# CA Smog & APR Stage 2+



## joeyjojoe111 (Jun 23, 2014)

First, hello all. I just acquired a 2013 TT-RS and am glad to be back on vortex (used to own a 1998 Jetta Wolfsburg).

I bought the car out of state, and now need to go through the process of CA smog. It's got APR Stage 2+ (full turboback) and only has the 93 octane map (i.e., no stock map), and unfortunately I don't have the stock setup (unless I get it shipped from the original owner).

Does anyone know if this setup will pass smog? I suspect at the very least I'd have to get the stock map to pass sniffer? Or do I need to swap out the downpipes too? Contacted 034Motorsports but they haven't responded yet ... and I'm getting nervous about getting this done in time to not get DMV penalties.

Do I need to take it to a "mod friendly" shop and get it over with? Any advice will help.


----------



## CarbonRS (Jul 15, 2013)

It may pass if it is just a sniffer. There are 2 problems though, 1 is the cat is farther downstream than stock and will need to be well heated to work, and the second issue is a visual inspection or ecu scan (if they do those). 

I'm not sure the 200 cell cat does anything more than take the edge off the gassy exhaust smell and check the "Has Catalyst" box on a visual inspections in areas that aren't too strict.


----------



## Marty (Jul 14, 2000)

I suspect it will pass the sniff test if it has the high flow cat still, and IMO legislation should change to make this OK. The issue is then passing visual. I'd definitely do a pre-test trial to see if levels pass before hooking it up to the network.

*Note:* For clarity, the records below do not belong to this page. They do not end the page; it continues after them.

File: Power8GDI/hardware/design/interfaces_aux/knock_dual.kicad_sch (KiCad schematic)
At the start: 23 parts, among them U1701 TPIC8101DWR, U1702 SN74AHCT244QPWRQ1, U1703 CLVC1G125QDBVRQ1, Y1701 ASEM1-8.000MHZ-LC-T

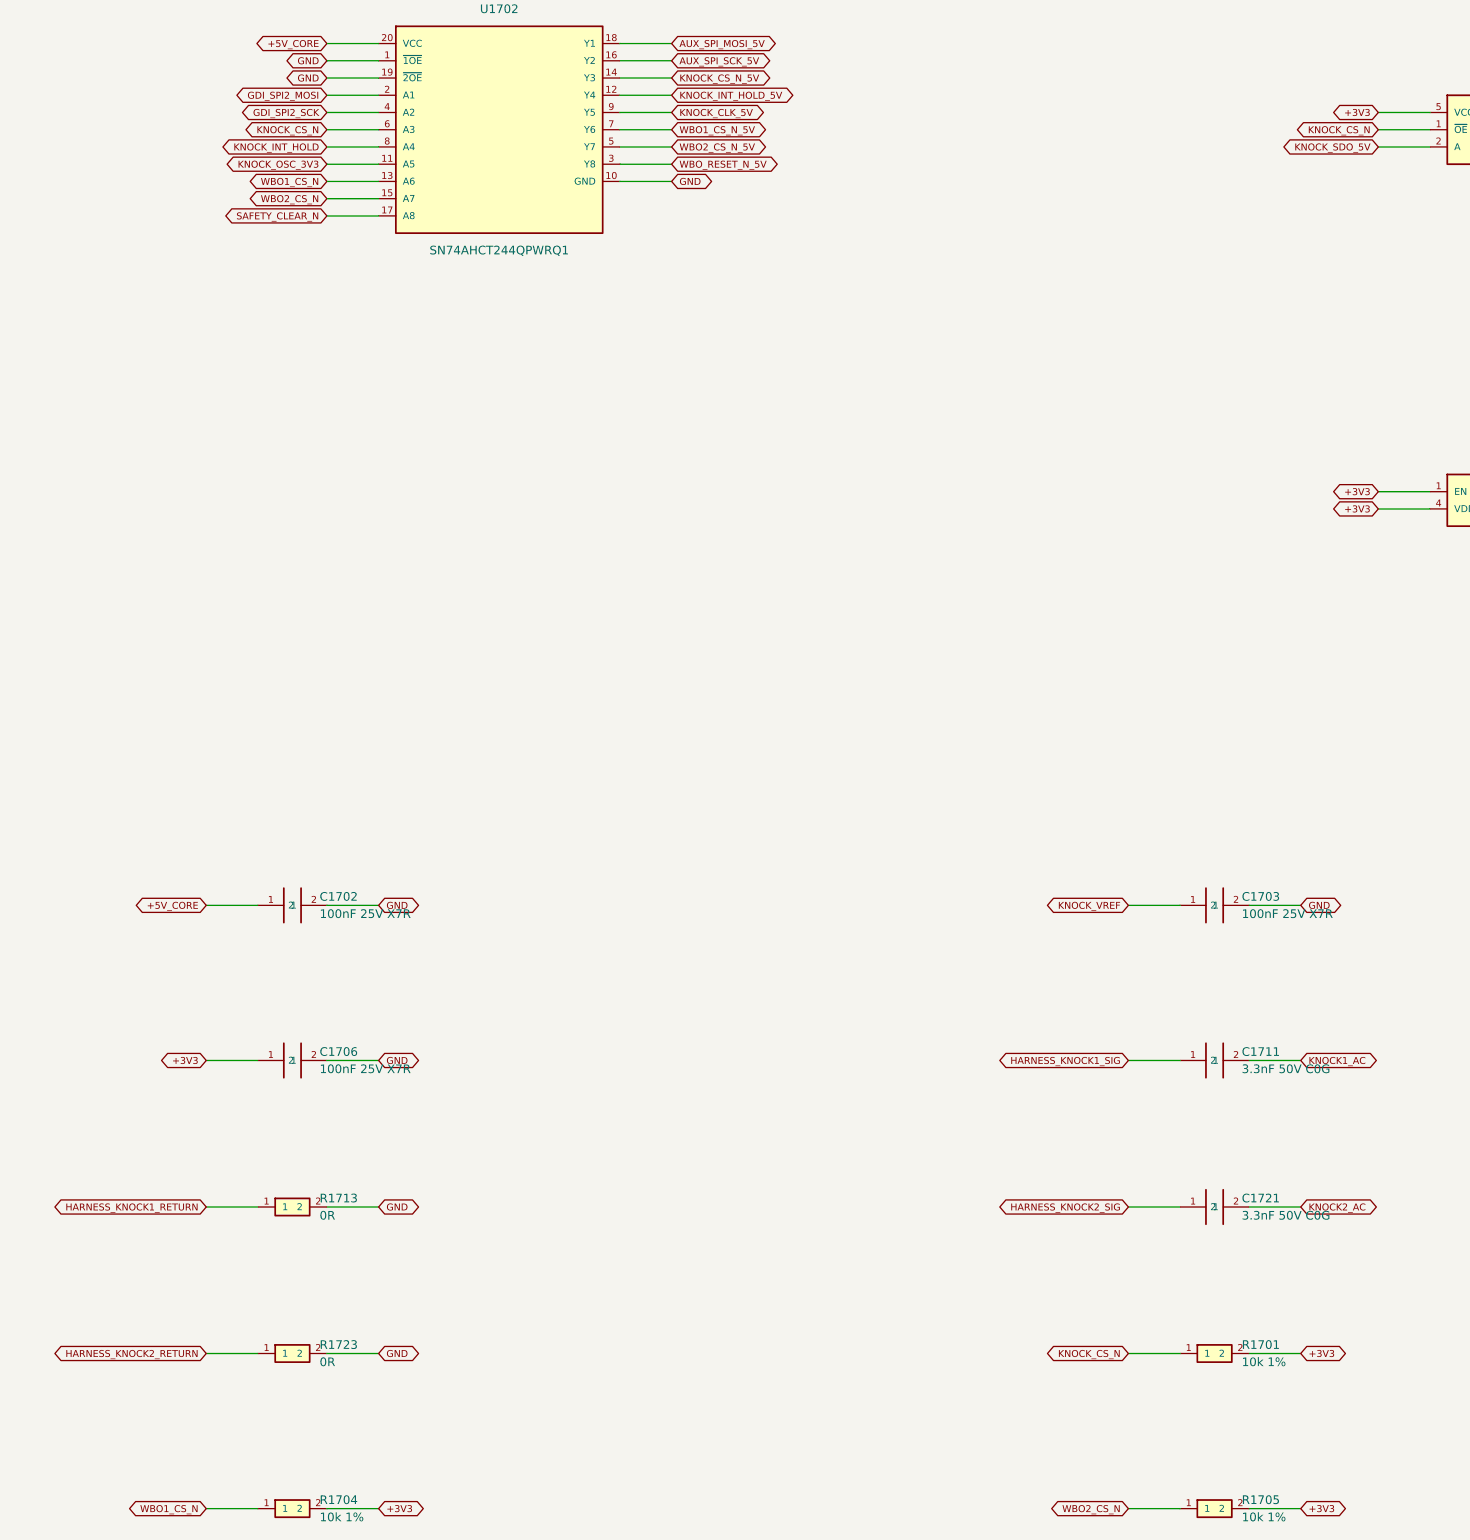
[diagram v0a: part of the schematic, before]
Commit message: Integrate protected GDI and CAN wideband nodes with Huge channel allocation
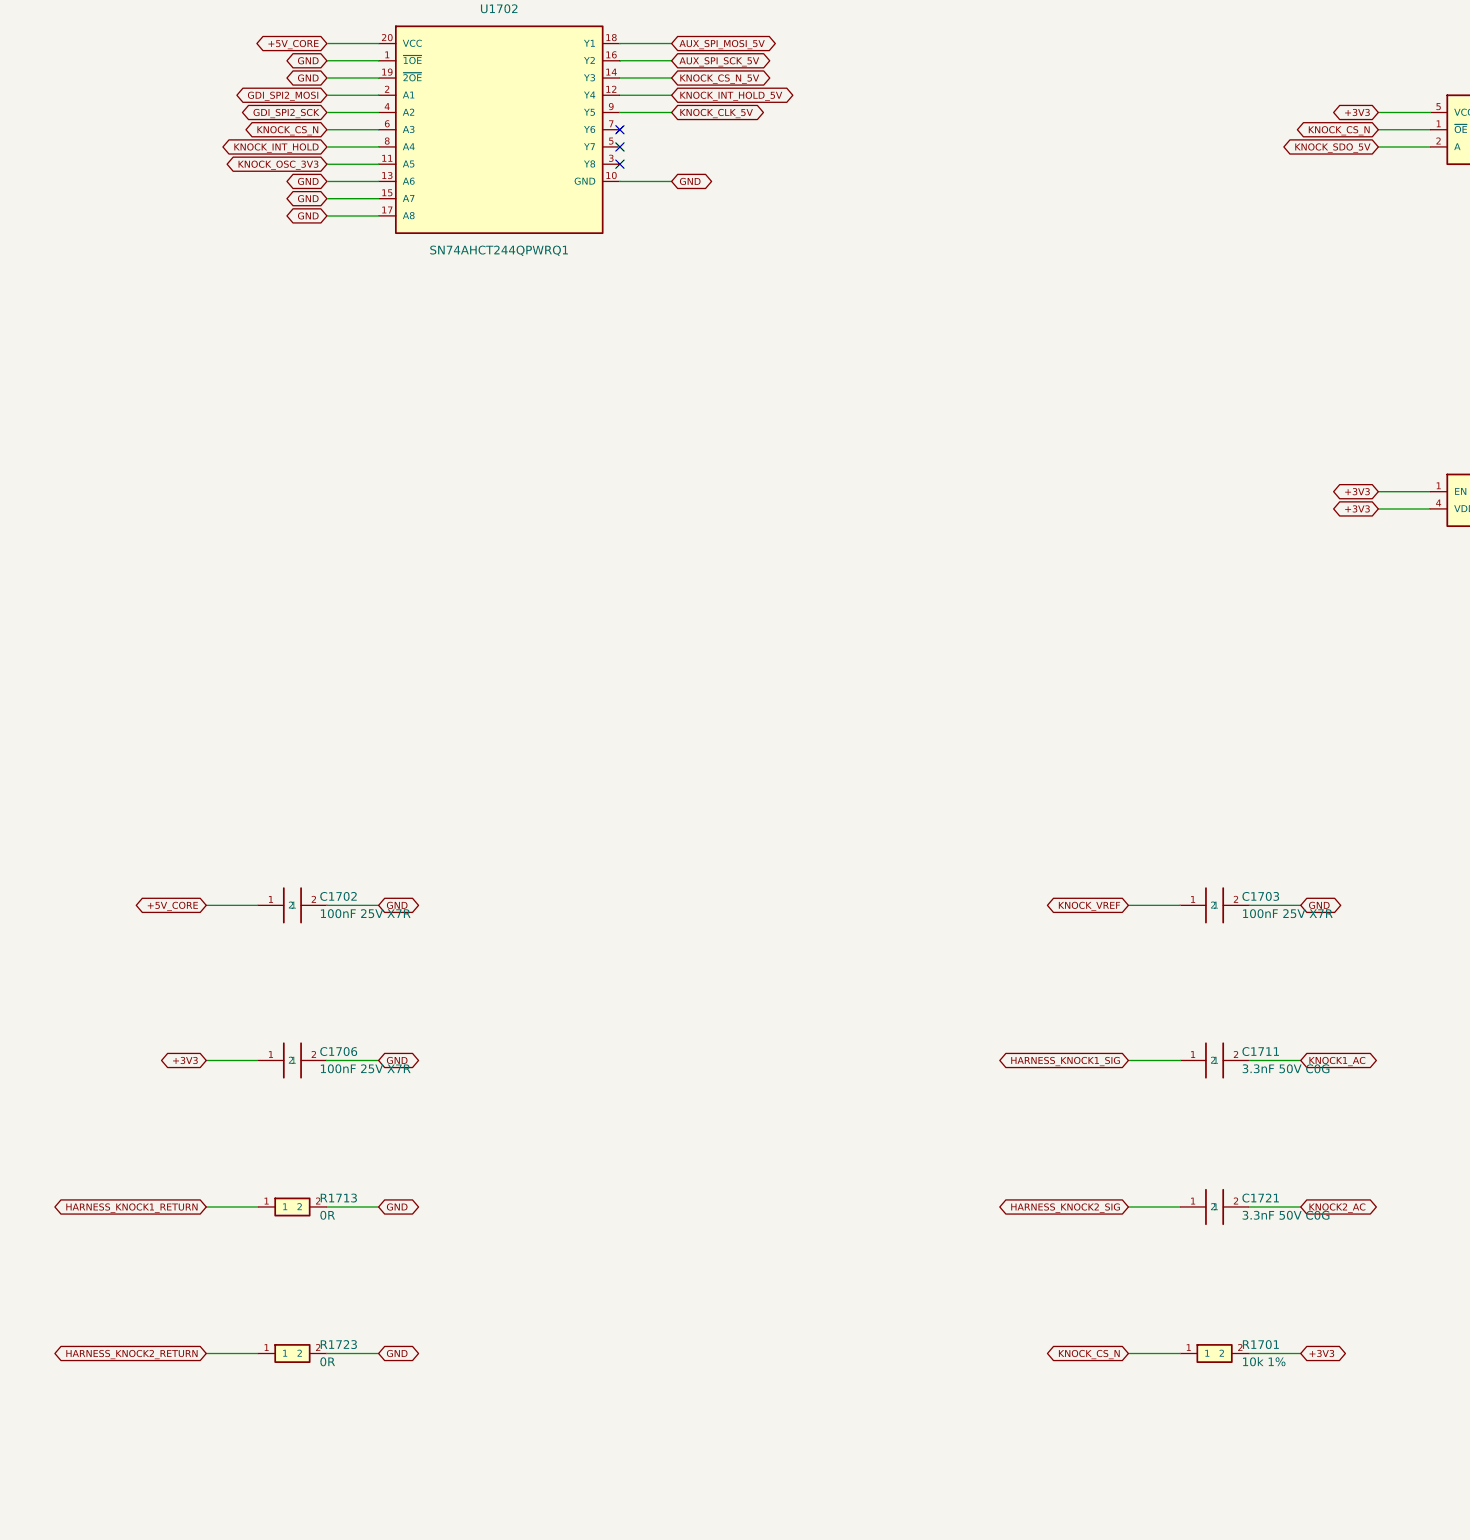
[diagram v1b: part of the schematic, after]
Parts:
- removed R1704, R1705: 10k 1%, Resistor_SMD:R_0603_1608Metric, symbol Power8GDI_Aux:R
- U1702: Design note TTL VIH2V recognizes3.3V; all8 outputs used. Startup/partia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 -> TTL VIH2V recognizes3.3V; five knock/SPI outputs used, unus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
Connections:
- net SAFETY_CLEAR_N is gone; now on net GND: U1702.17 (A8)
- net WBO1_CS_N is gone; now on net GND: U1702.13 (A6)
- net WBO2_CS_N is gone; now on net GND: U1702.15 (A7)
- net WBO1_CS_N_5V: no longer names the net of U1702.7 (Y6)
- net WBO2_CS_N_5V: no longer names the net of U1702.5 (Y7)
- net WBO_RESET_N_5V: no longer names the net of U1702.3 (Y8)
- no-connect marks 5 -> 8
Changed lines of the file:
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@@
 (global_label "AUX_SPI_SCK_5V" (shape bidirectional) (at 105.41 100.33 180) (effects (font (size 1.016 1.016)) (justify left bottom)))
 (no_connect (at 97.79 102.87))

On a side note, definitely get 034 to upgrade you to program switching first and run the 91 octane tune or stock mode.


----------



## Koa1 (Feb 21, 2012)

I've wondered about this also for when i have to get mine smogged. My experience with smog tests in CA is that the shop hooks up the car to the sniffer and checks for any dash lights. They've never actually done a visual inspection for the cats. My cars have always been low enough that they'd have to lift it to check for cats. They have never lifted my cars, or even used a mirror under the car. If it doesn't pass the sniffer I assume they'd dig deeper though.


----------



## joeyjojoe111 (Jun 23, 2014)

Wouldn't you think 034 (or any APR dealer) would know this for sure? I got a very unclear response from them over email; will try to speak to someone there tomorrow in hopes of getting answers.

I heard there are levels of mod friendliness in smog shops: some don't do visual, some might even be more aggressive in allowing a modded car to pass.


----------



## Marty (Jul 14, 2000)

joeyjojoe111 said:


> Wouldn't you think 034 (or any APR dealer) would know this for sure? I got a very unclear response from them over email; will try to speak to someone there tomorrow in hopes of getting answers.
> 
> I heard there are levels of mod friendliness in smog shops: some don't do visual, some might even be more aggressive in allowing a modded car to pass.


I'm sure you can imagine that no professional shop is going to give you anything in writing that isn't 100% in alignment with the law...


----------



## joeyjojoe111 (Jun 23, 2014)

The 034 guy said it won't pass sniffer, so I need to install the factory downpipe. Unexpected $500 labor expense! Anyone have a factory pipe I could borrow?


----------



## Not4show (Jun 11, 2004)

I have a factory DP & Mids, Located out in Brentwood, but work in SF. Put APR Downpipe on and it replaces the midpipes as well.
BTW, you would need a stock muffler as well, because the APR setup is a single pipe in while stock is twin pipe.

But I would be curious if 034 has tried to snifff a RS. Not sure how many have come to CA from out state.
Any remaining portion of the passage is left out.